EXERCISE GOAL
Using the material below, copy every line where "part" appears.

STUDY MATERIAL
• • •
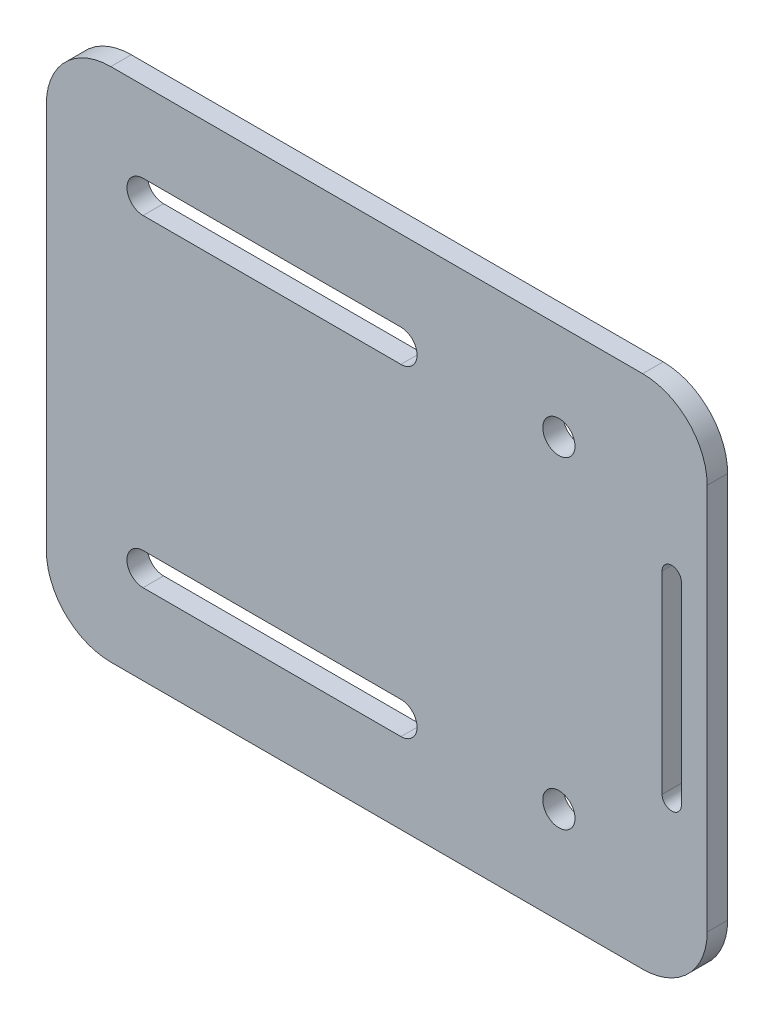
from build123d import *

# Parameters (mm, degrees)
SKETCH1_W           = 102.5
SKETCH1_H           = 80
SKETCH1_R           = 2.5
BOSS_EXTRUDE1_DEPTH = 3.175
FILLET1_R           = 10


with BuildPart() as part:
    # Sketch1 → Boss-Extrude1 (new body)
    with BuildSketch(Plane.XY):
        with Locations((-28.25, 0)):
            Rectangle(SKETCH1_W, SKETCH1_H)
        with Locations((0, 25)):
            Circle(SKETCH1_R, mode=Mode.SUBTRACT)
        with Locations(Location((0, -25, 0), (0, 0, 180))):
            Circle(SKETCH1_R, mode=Mode.SUBTRACT)
        with BuildLine():
            Line((-64.5, -27.5), (-24.5, -27.5))
            ThreePointArc((-24.5, -27.5), (-22, -25), (-24.5, -22.5))
            Line((-24.5, -22.5), (-64.5, -22.5))
            ThreePointArc((-64.5, -22.5), (-67, -25), (-64.5, -27.5))
        make_face(mode=Mode.SUBTRACT)
        with BuildLine():
            Line((-64.5, 27.5), (-24.5, 27.5))
            ThreePointArc((-24.5, 27.5), (-22, 25), (-24.5, 22.5))
            Line((-24.5, 22.5), (-64.5, 22.5))
            ThreePointArc((-64.5, 22.5), (-67, 25), (-64.5, 27.5))
        make_face(mode=Mode.SUBTRACT)
        with BuildLine():
            Line((19, 15), (19, -15))
            ThreePointArc((19, -15), (17.5, -16.5), (16, -15))
            Line((16, -15), (16, 15))
            ThreePointArc((16, 15), (17.5, 16.5), (19, 15))
        make_face(mode=Mode.SUBTRACT)
    extrude(amount=BOSS_EXTRUDE1_DEPTH)

    # Fillet1
    fillet1_edges = [part.edges().sort_by_distance(p)[0] for p in [
        (23, -40, 1.5875),
        (-79.5, -40, 1.5875),
        (-79.5, 40, 1.5875),
        (23, 40, 1.5875),
    ]]
    fillet(fillet1_edges, radius=FILLET1_R)


solid = part.part
• • •
EXERCISE OUTPUT
with BuildPart() as part:
    fillet1_edges = [part.edges().sort_by_distance(p)[0] for p in [
solid = part.part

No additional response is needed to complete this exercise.